Discussion of article "Neural networks made easy (Part 24): Improving the tool for Transfer Learning"
And seriously, "neural networks are simple" is when there are at most two articles of this length. Not when I think that mt5 is hung up and I have been receiving notifications about the article "neural networks are simple " for a year already
Neural networks are simple (part of 500988939928177231827361823461827631827361827361827361827361284762834762834762). By the time you read the last part, you will most likely be 89 years old and neural networks will no longer be relevant.

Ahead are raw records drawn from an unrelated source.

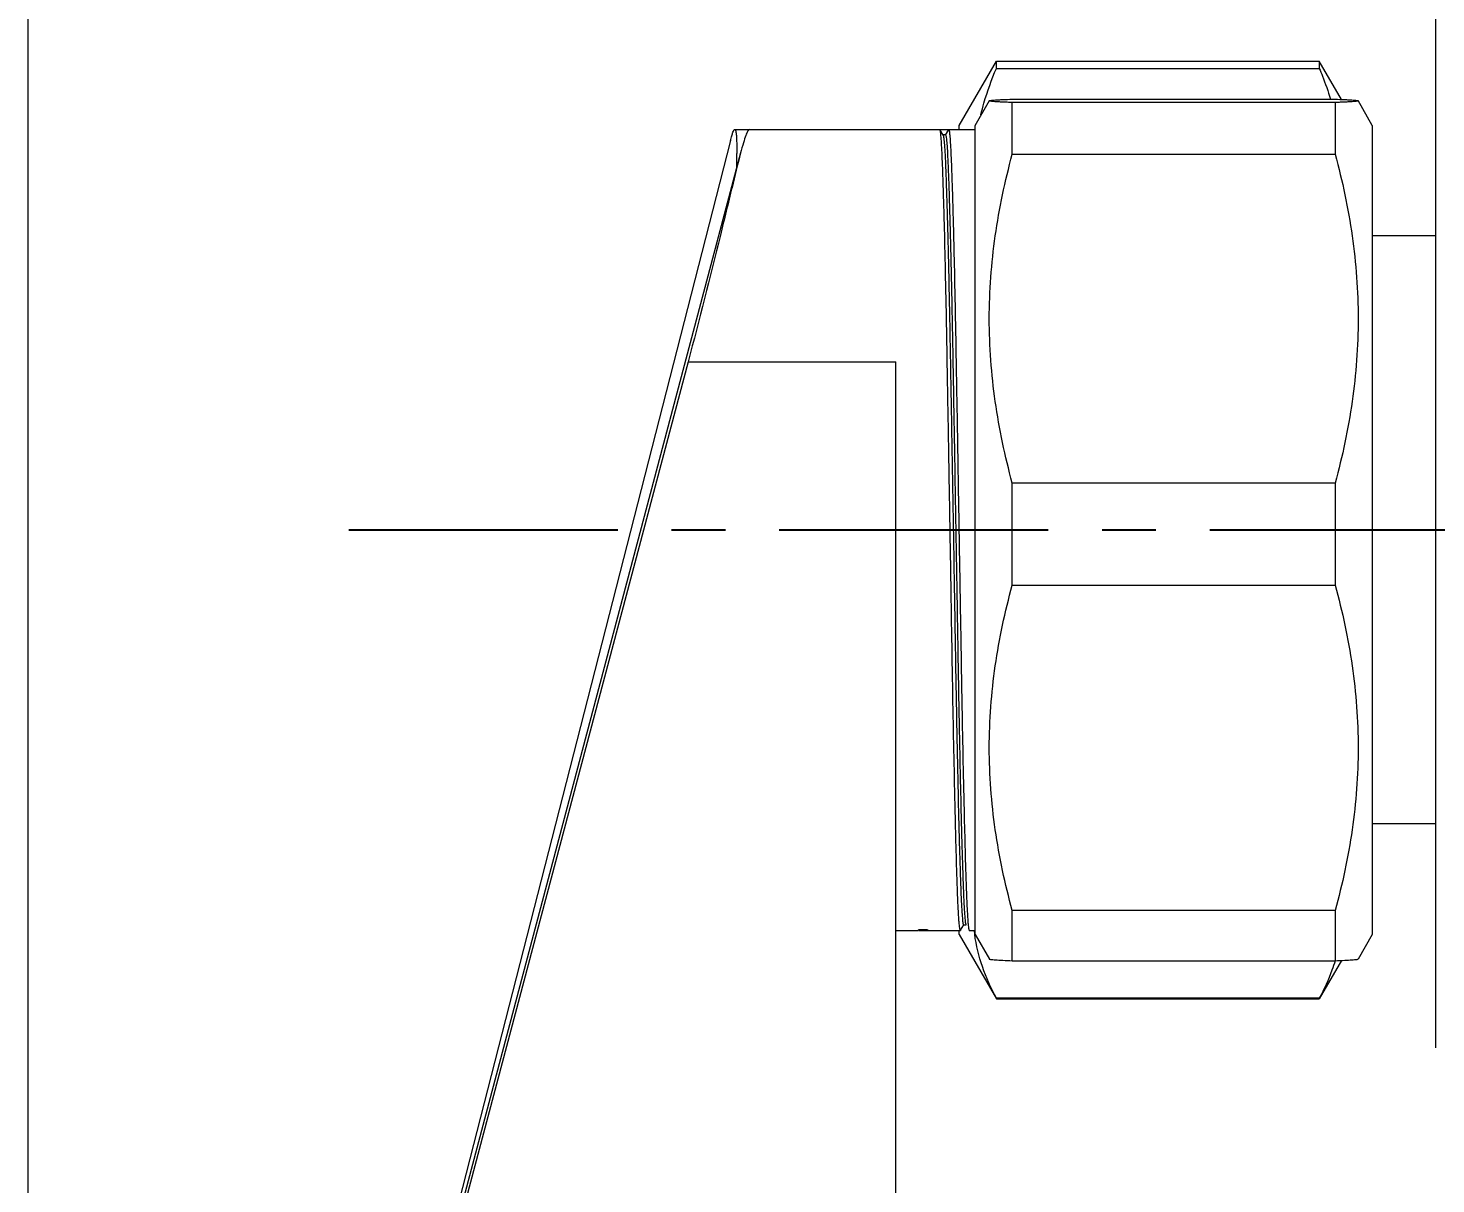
# Model space of a CAD drawing. Header units: millimetres. Extents: x 789 to 1209, y -1278 to -684.
# Drawn here: x 1041.87 to 1075.09, y -1089.68 to -1062.41 of the extents above; entities that cross this region are included whole.
import ezdxf

# ---------------------------------------------------------------- set-up
doc = ezdxf.new("R2010")
doc.units = ezdxf.units.MM
doc.header["$LTSCALE"] = 0.1
doc.linetypes.add('CENTERX2', pattern=[101.6, 63.5, -12.7, 12.7, -12.7])
doc.layers.get('0').update_dxf_attribs({"lineweight": 13})
doc.layers.add('CENTER', color=1, linetype='CENTERX2')
doc.layers.add('DIM', color=3, linetype='Continuous', lineweight=9)
doc.styles.get("Standard").update_dxf_attribs({"font": 'arial.ttf'})
doc.dimstyles.new('ISO-25', dxfattribs={"dimtxt": 2.5, "dimasz": 2.5, "dimexe": 1.25, "dimexo": 0.625, "dimtad": 1, "dimlfac": 1.333333, "dimtxsty": 'Standard', "dimcen": 2.5, "dimadec": 0, "dimazin": 0, "dimtfac": 1, "dimtmove": 0, "dimatfit": 3, "dimfxl": 0, "dimarcsym": 0})

# ---------------------------------------------------------------- blocks, each defined once
blk = doc.blocks.new('*D13')
at = {"layer": 'Defpoints', "color": 0}
for p in [(1175.202, -1079.106), (1041.868, -1155.19), (1175.202, -1188.361)]:
    blk.add_point(p, dxfattribs=at)
at = {"layer": 'DIM', "color": 0, "linetype": 'ByBlock', "lineweight": -2}
for p, q in [((1175.202, -1079.731), (1175.202, -1189.611)), ((1041.868, -1155.815), (1041.868, -1189.611)), ((1045.868, -1188.361), (1171.202, -1188.361))]:
    blk.add_line(p, q, dxfattribs=at)
at = {"layer": 'DIM', "color": 0}
for points in [[(1045.868, -1187.694), (1045.868, -1189.028), (1041.868, -1188.361)], [(1171.202, -1187.694), (1171.202, -1189.028), (1175.202, -1188.361)]]:
    blk.add_solid(points, dxfattribs=at)
at = {"layer": 'DIM', "color": 0, "insert": (1108.535, -1185.332), "char_height": 4, "attachment_point": 5}
blk.add_mtext('177,8', dxfattribs=at)

msp = doc.modelspace()

# ---------------------------------------------------------------- linework, layer by layer
msp.add_line((1041.868, -1155.19), (1041.868, -744.108))
at = {"color": 7, "linetype": 'Continuous'}
for p, q in [((1075.09, -1086.472), (1075.09, -1061.697)), ((1063.842, -1064.706), (1064.718, -1063.19)), ((1064.718, -1063.362), (1064.718, -1063.19)), ((1064.718, -1063.19), (1072.34, -1063.19)), ((1064.718, -1063.362), (1072.34, -1063.362)), ((1072.34, -1063.19), (1072.34, -1063.362)), ((1072.862, -1064.094), (1072.34, -1063.19)), ((1065.093, -1064.088), (1072.715, -1064.088)), ((1064.217, -1064.706), (1064.554, -1064.122)), ((1064.551, -1064.127), (1064.552, -1064.127)), ((1065.093, -1065.388), (1065.093, -1064.167)), ((1072.715, -1064.167), (1065.093, -1064.167)), ((1072.715, -1064.167), (1072.715, -1065.388)), ((1073.59, -1064.706), (1073.253, -1064.122)), ((1073.256, -1064.127), (1073.256, -1064.127)), ((1063.842, -1064.802), (1063.842, -1064.706)), ((1064.217, -1083.794), (1064.217, -1064.706)), ((1073.59, -1064.706), (1073.59, -1083.794)), ((1058.443, -1065.066), (1049.543, -1099.811)), ((1058.544, -1064.802), (1064.217, -1064.802)), ((1063.387, -1064.806), (1063.383, -1064.802)), ((1063.462, -1064.935), (1063.387, -1064.806)), ((1063.517, -1064.931), (1063.457, -1064.931)), ((1063.586, -1064.806), (1063.512, -1064.935)), ((1063.586, -1064.806), (1063.591, -1064.802)), ((1058.682, -1065.358), (1049.221, -1101.026)), ((1065.093, -1065.388), (1072.715, -1065.388)), ((1075.09, -1067.314), (1073.59, -1067.314)), ((1057.444, -1070.282), (1049.221, -1101.281)), ((1057.444, -1070.282), (1062.343, -1070.282)), ((1062.343, -1120.449), (1062.343, -1070.282)), ((1065.093, -1075.55), (1065.093, -1073.145)), ((1072.715, -1073.145), (1065.093, -1073.145)), ((1072.715, -1073.145), (1072.715, -1075.55)), ((1065.093, -1075.55), (1072.715, -1075.55)), ((1075.09, -1081.186), (1073.59, -1081.186)), ((1065.093, -1084.412), (1065.093, -1083.228)), ((1072.715, -1083.228), (1065.093, -1083.228)), ((1072.715, -1083.228), (1072.715, -1084.412)), ((1062.895, -1083.698), (1062.884, -1083.674)), ((1062.884, -1083.674), (1063.092, -1083.674)), ((1062.9, -1083.694), (1062.911, -1083.674)), ((1063.092, -1083.674), (1063.099, -1083.694)), ((1063.875, -1083.694), (1063.949, -1083.565)), ((1063.935, -1083.552), (1063.945, -1083.569)), ((1063.945, -1083.569), (1064.004, -1083.569)), ((1063.994, -1083.552), (1063.999, -1083.565)), ((1062.343, -1083.698), (1062.884, -1083.698)), ((1062.9, -1083.694), (1062.895, -1083.698)), ((1062.895, -1083.698), (1063.092, -1083.698)), ((1063.099, -1083.694), (1063.104, -1083.698)), ((1063.104, -1083.698), (1063.87, -1083.698)), ((1063.842, -1083.794), (1063.842, -1083.694)), ((1063.842, -1083.794), (1064.718, -1085.31)), ((1063.875, -1083.694), (1063.87, -1083.698)), ((1064.074, -1083.694), (1064.078, -1083.698)), ((1064.078, -1083.698), (1064.217, -1083.698)), ((1064.217, -1083.794), (1064.554, -1084.377)), ((1073.59, -1083.794), (1073.253, -1084.377)), ((1065.093, -1084.412), (1072.715, -1084.412)), ((1072.862, -1084.405), (1072.34, -1085.31)), ((1064.718, -1085.31), (1064.718, -1085.3)), ((1072.34, -1085.3), (1064.718, -1085.3)), ((1064.718, -1085.31), (1072.34, -1085.31)), ((1072.34, -1085.3), (1072.34, -1085.31))]:
    msp.add_line(p, q, dxfattribs=at)
for centre, radius, start, end in [((1063.44, -1064.947), 0.0247, 27.1152, 29.9441), ((1041.131, -1065.362), 17.463, 358.9494, 359.9726), ((1067.692, -1083.329), 3.516, 186.0262, 187.6061)]:
    msp.add_arc(centre, radius, start, end, dxfattribs=at)
for points, knots in [([(1064.351, -1064.455), (1064.374, -1064.363), (1064.475, -1063.992), (1064.606, -1063.629), (1064.718, -1063.362)], [0, 0, 0, 0, 0.24697, 1, 1, 1, 1]), ([(1072.34, -1063.362), (1072.365, -1063.422), (1072.462, -1063.66), (1072.547, -1063.904), (1072.604, -1064.088)], [0, 0, 0, 0, 0.252211, 1, 1, 1, 1]), ([(1064.552, -1064.127), (1064.552, -1064.125), (1064.557, -1064.124), (1064.57, -1064.12), (1064.597, -1064.116), (1064.643, -1064.111), (1064.704, -1064.107), (1064.781, -1064.102), (1064.912, -1064.095), (1065.018, -1064.091), (1065.093, -1064.088)], [0, 0, 0, 0, 0.008002, 0.023228, 0.076679, 0.160782, 0.27461, 0.416977, 0.586421, 1, 1, 1, 1]), ([(1072.715, -1064.088), (1072.79, -1064.091), (1072.895, -1064.095), (1073.026, -1064.102), (1073.103, -1064.107), (1073.165, -1064.111), (1073.21, -1064.116), (1073.238, -1064.12), (1073.251, -1064.124), (1073.255, -1064.125), (1073.256, -1064.127)], [0, 0, 0, 0, 0.413579, 0.583022, 0.725389, 0.839218, 0.923321, 0.976772, 0.991998, 1, 1, 1, 1]), ([(1065.093, -1064.167), (1065.052, -1064.166), (1064.976, -1064.163), (1064.869, -1064.158), (1064.776, -1064.153), (1064.699, -1064.148), (1064.637, -1064.143), (1064.593, -1064.139), (1064.566, -1064.134), (1064.555, -1064.131), (1064.551, -1064.129), (1064.551, -1064.127)], [0, 0, 0, 0, 0.222539, 0.420392, 0.591715, 0.734788, 0.848023, 0.930225, 0.98053, 0.993793, 1, 1, 1, 1]), ([(1073.256, -1064.127), (1073.256, -1064.129), (1073.252, -1064.131), (1073.241, -1064.134), (1073.214, -1064.139), (1073.17, -1064.143), (1073.109, -1064.148), (1073.031, -1064.153), (1072.939, -1064.158), (1072.831, -1064.163), (1072.755, -1064.166), (1072.715, -1064.167)], [0, 0, 0, 0, 0.006207, 0.01947, 0.069775, 0.151977, 0.265212, 0.408285, 0.579608, 0.777461, 1, 1, 1, 1]), ([(1058.443, -1065.066), (1058.453, -1065.027), (1058.47, -1064.961), (1058.497, -1064.877), (1058.517, -1064.829), (1058.535, -1064.802), (1058.544, -1064.802)], [0, 0, 0, 0, 0.416425, 0.719594, 0.910812, 1, 1, 1, 1]), ([(1058.544, -1064.802), (1058.549, -1064.802), (1058.56, -1064.815), (1058.573, -1064.863), (1058.585, -1064.969), (1058.592, -1065.146), (1058.594, -1065.288), (1058.594, -1065.37)], [0, 0, 0, 0, 0.026002, 0.075805, 0.263467, 0.572159, 1, 1, 1, 1]), ([(1058.89, -1064.802), (1058.873, -1064.802), (1058.837, -1064.861), (1058.798, -1064.959), (1058.741, -1065.139), (1058.704, -1065.277), (1058.682, -1065.358)], [0, 0, 0, 0, 0.085637, 0.277158, 0.582073, 1, 1, 1, 1]), ([(1063.803, -1082.824), (1063.781, -1082.232), (1063.743, -1080.788), (1063.693, -1078.351), (1063.656, -1075.975), (1063.621, -1073.922), (1063.595, -1072.358), (1063.569, -1070.86), (1063.545, -1069.461), (1063.519, -1068.191), (1063.497, -1067.223), (1063.478, -1066.541), (1063.465, -1066.113), (1063.452, -1065.744), (1063.44, -1065.437), (1063.428, -1065.192), (1063.418, -1065.006), (1063.402, -1064.886), (1063.397, -1064.823), (1063.387, -1064.806)], [0, 0, 0, 0, 0.098591, 0.240445, 0.405643, 0.494145, 0.582164, 0.666015, 0.743453, 0.81497, 0.877547, 0.90459, 0.928445, 0.948917, 0.965908, 0.979535, 0.989888, 0.996752, 1, 1, 1, 1]), ([(1063.462, -1064.936), (1063.467, -1064.944), (1063.472, -1064.969), (1063.483, -1065.044), (1063.495, -1065.191), (1063.509, -1065.425), (1063.522, -1065.738), (1063.536, -1066.128), (1063.551, -1066.596), (1063.566, -1067.137), (1063.587, -1067.984), (1063.613, -1069.165), (1063.64, -1070.704), (1063.669, -1072.373), (1063.699, -1074.123), (1063.729, -1075.874), (1063.756, -1077.555), (1063.785, -1079.117), (1063.814, -1080.513), (1063.84, -1081.546), (1063.861, -1082.241), (1063.875, -1082.652), (1063.888, -1082.987), (1063.902, -1083.247), (1063.917, -1083.426), (1063.926, -1083.52), (1063.935, -1083.552)], [0, 0, 0, 0, 0.001439, 0.003997, 0.012433, 0.025102, 0.041798, 0.062787, 0.087992, 0.117173, 0.149972, 0.224549, 0.307348, 0.397847, 0.493536, 0.589231, 0.679847, 0.764415, 0.840858, 0.904711, 0.930883, 0.952891, 0.970877, 0.984934, 0.994715, 1, 1, 1, 1]), ([(1063.517, -1064.931), (1063.517, -1064.931), (1063.518, -1064.931), (1063.519, -1064.932), (1063.52, -1064.932)], [0, 0, 0, 0, 0.442503, 1, 1, 1, 1]), ([(1063.52, -1064.932), (1063.524, -1064.938), (1063.529, -1064.959), (1063.537, -1065), (1063.543, -1065.063), (1063.554, -1065.187), (1063.566, -1065.391), (1063.58, -1065.694), (1063.594, -1066.076), (1063.609, -1066.537), (1063.624, -1067.072), (1063.645, -1067.915), (1063.671, -1069.093), (1063.698, -1070.631), (1063.727, -1072.304), (1063.757, -1074.059), (1063.787, -1075.819), (1063.815, -1077.511), (1063.843, -1079.083), (1063.873, -1080.489), (1063.899, -1081.53), (1063.92, -1082.231), (1063.934, -1082.645), (1063.948, -1082.983), (1063.961, -1083.244), (1063.976, -1083.425), (1063.985, -1083.52), (1063.994, -1083.552)], [0, 0, 0, 0, 0.001129, 0.00338, 0.00676, 0.011248, 0.023423, 0.039657, 0.060199, 0.085015, 0.11388, 0.146436, 0.220778, 0.303611, 0.394163, 0.490155, 0.586347, 0.677555, 0.762627, 0.839611, 0.903966, 0.930352, 0.952541, 0.970665, 0.984829, 0.994682, 1, 1, 1, 1]), ([(1063.591, -1064.802), (1063.595, -1064.802), (1063.601, -1064.818), (1063.606, -1064.841), (1063.613, -1064.886), (1063.619, -1064.945), (1063.625, -1065.021), (1063.634, -1065.154), (1063.645, -1065.358), (1063.657, -1065.65), (1063.67, -1066.005), (1063.683, -1066.421), (1063.696, -1066.898), (1063.71, -1067.429), (1063.728, -1068.23), (1063.751, -1069.32), (1063.775, -1070.721), (1063.801, -1072.227), (1063.827, -1073.804), (1063.854, -1075.394), (1063.88, -1076.938), (1063.911, -1078.809), (1063.951, -1080.76), (1063.989, -1082.224), (1064.011, -1082.824)], [0, 0, 0, 0, 0.000613, 0.002102, 0.004518, 0.007856, 0.012099, 0.017225, 0.030009, 0.046141, 0.065838, 0.089022, 0.115527, 0.145094, 0.177428, 0.248835, 0.326493, 0.410656, 0.499378, 0.588882, 0.675313, 0.756301, 0.900121, 1, 1, 1, 1]), ([(1058.682, -1065.358), (1058.611, -1065.627), (1058.454, -1066.273), (1058.056, -1067.919), (1057.707, -1069.289), (1057.444, -1070.282)], [0, 0, 0, 0, 0.164635, 0.392999, 1, 1, 1, 1]), ([(1065.093, -1073.145), (1064.923, -1072.512), (1064.65, -1071.229), (1064.502, -1069.267), (1064.65, -1067.305), (1064.923, -1066.022), (1065.093, -1065.388)], [0, 0, 0, 0, 0.250565, 0.5, 0.749435, 1, 1, 1, 1]), ([(1072.715, -1065.388), (1072.884, -1066.022), (1073.157, -1067.305), (1073.305, -1069.267), (1073.157, -1071.229), (1072.884, -1072.512), (1072.715, -1073.145)], [0, 0, 0, 0, 0.250565, 0.5, 0.749435, 1, 1, 1, 1]), ([(1065.093, -1083.228), (1064.923, -1082.601), (1064.65, -1081.332), (1064.502, -1079.389), (1064.65, -1077.447), (1064.923, -1076.177), (1065.093, -1075.55)], [0, 0, 0, 0, 0.250612, 0.5, 0.749388, 1, 1, 1, 1]), ([(1072.715, -1075.55), (1072.884, -1076.177), (1073.157, -1077.447), (1073.305, -1079.389), (1073.157, -1081.332), (1072.884, -1082.601), (1072.715, -1083.228)], [0, 0, 0, 0, 0.250612, 0.5, 0.749388, 1, 1, 1, 1]), ([(1063.87, -1083.698), (1063.865, -1083.698), (1063.859, -1083.671), (1063.851, -1083.635), (1063.843, -1083.56), (1063.834, -1083.464), (1063.826, -1083.339), (1063.815, -1083.123), (1063.807, -1082.949), (1063.803, -1082.824)], [0, 0, 0, 0, 0.018901, 0.068125, 0.148935, 0.260923, 0.40323, 0.574814, 1, 1, 1, 1]), ([(1064.011, -1082.824), (1064.015, -1082.941), (1064.024, -1083.147), (1064.037, -1083.386), (1064.049, -1083.533), (1064.056, -1083.608), (1064.064, -1083.659), (1064.069, -1083.686), (1064.074, -1083.693)], [0, 0, 0, 0, 0.402715, 0.708576, 0.822436, 0.909206, 0.968331, 1, 1, 1, 1]), ([(1064.718, -1085.3), (1064.59, -1085.059), (1064.371, -1084.572), (1064.241, -1084.052), (1064.207, -1083.794)], [0, 0, 0, 0, 0.511802, 1, 1, 1, 1]), ([(1064.552, -1084.373), (1064.552, -1084.374), (1064.557, -1084.376), (1064.57, -1084.38), (1064.597, -1084.384), (1064.643, -1084.388), (1064.704, -1084.393), (1064.781, -1084.398), (1064.912, -1084.405), (1065.018, -1084.409), (1065.093, -1084.412)], [0, 0, 0, 0, 0.008016, 0.023262, 0.076735, 0.160816, 0.274632, 0.41703, 0.586493, 1, 1, 1, 1]), ([(1072.714, -1084.412), (1072.691, -1084.487), (1072.588, -1084.792), (1072.453, -1085.086), (1072.34, -1085.3)], [0, 0, 0, 0, 0.244482, 1, 1, 1, 1]), ([(1072.715, -1084.412), (1072.79, -1084.409), (1072.895, -1084.405), (1073.026, -1084.398), (1073.103, -1084.393), (1073.165, -1084.388), (1073.21, -1084.384), (1073.238, -1084.38), (1073.251, -1084.376), (1073.255, -1084.374), (1073.256, -1084.373)], [0, 0, 0, 0, 0.413507, 0.58297, 0.725368, 0.839184, 0.923265, 0.976738, 0.991984, 1, 1, 1, 1])]:
    msp.add_open_spline(points, degree=3, knots=knots, dxfattribs=at)
at = {"layer": 'CENTER'}
msp.add_line((1049.434, -1074.25), (1117.409, -1074.25), dxfattribs=at)

# ---------------------------------------------------------------- dimensions: what is measured, and where the dimension line sits
at = {"layer": 'DIM'}
dim = msp.add_linear_dim(base=(1175.202, -1188.361), p1=(1041.868, -1155.19), p2=(1175.202, -1079.106), dimstyle='ISO-25', override={"dimtxt": 4, "dimasz": 4, "dimdec": 1, "dimlfac": 1.333333, "dimtdec": 1, "dimfxl": 1.25, "dimarcsym": 1}, dxfattribs=at)
dim.commit()
dim.dimension.update_dxf_attribs({"geometry": '*D13', "text_midpoint": (1108.535, -1185.332)})

doc.saveas('drawing.dxf')

And seriously, "neural networks are simple" is when there are at most two articles of this size. Not when I think that mt5 is hung up and I have been receiving notifications about the article "neural networks are simple " for a year already
The idea of "Neural Networks are Simple" is to show the accessibility of the technology to everyone. Yes, the series is quite long. But the practical use is available to the reader from the second article. And each separate article tells about new possibilities. And it is possible to include them in your developments right after reading the article. Whether to use them or not is a personal matter for each reader. There is no need to wait for the next article. As for the volume of the topic, I can say that science is developing and new algorithms appear every day. It is quite possible that their application can bear fruit in trading.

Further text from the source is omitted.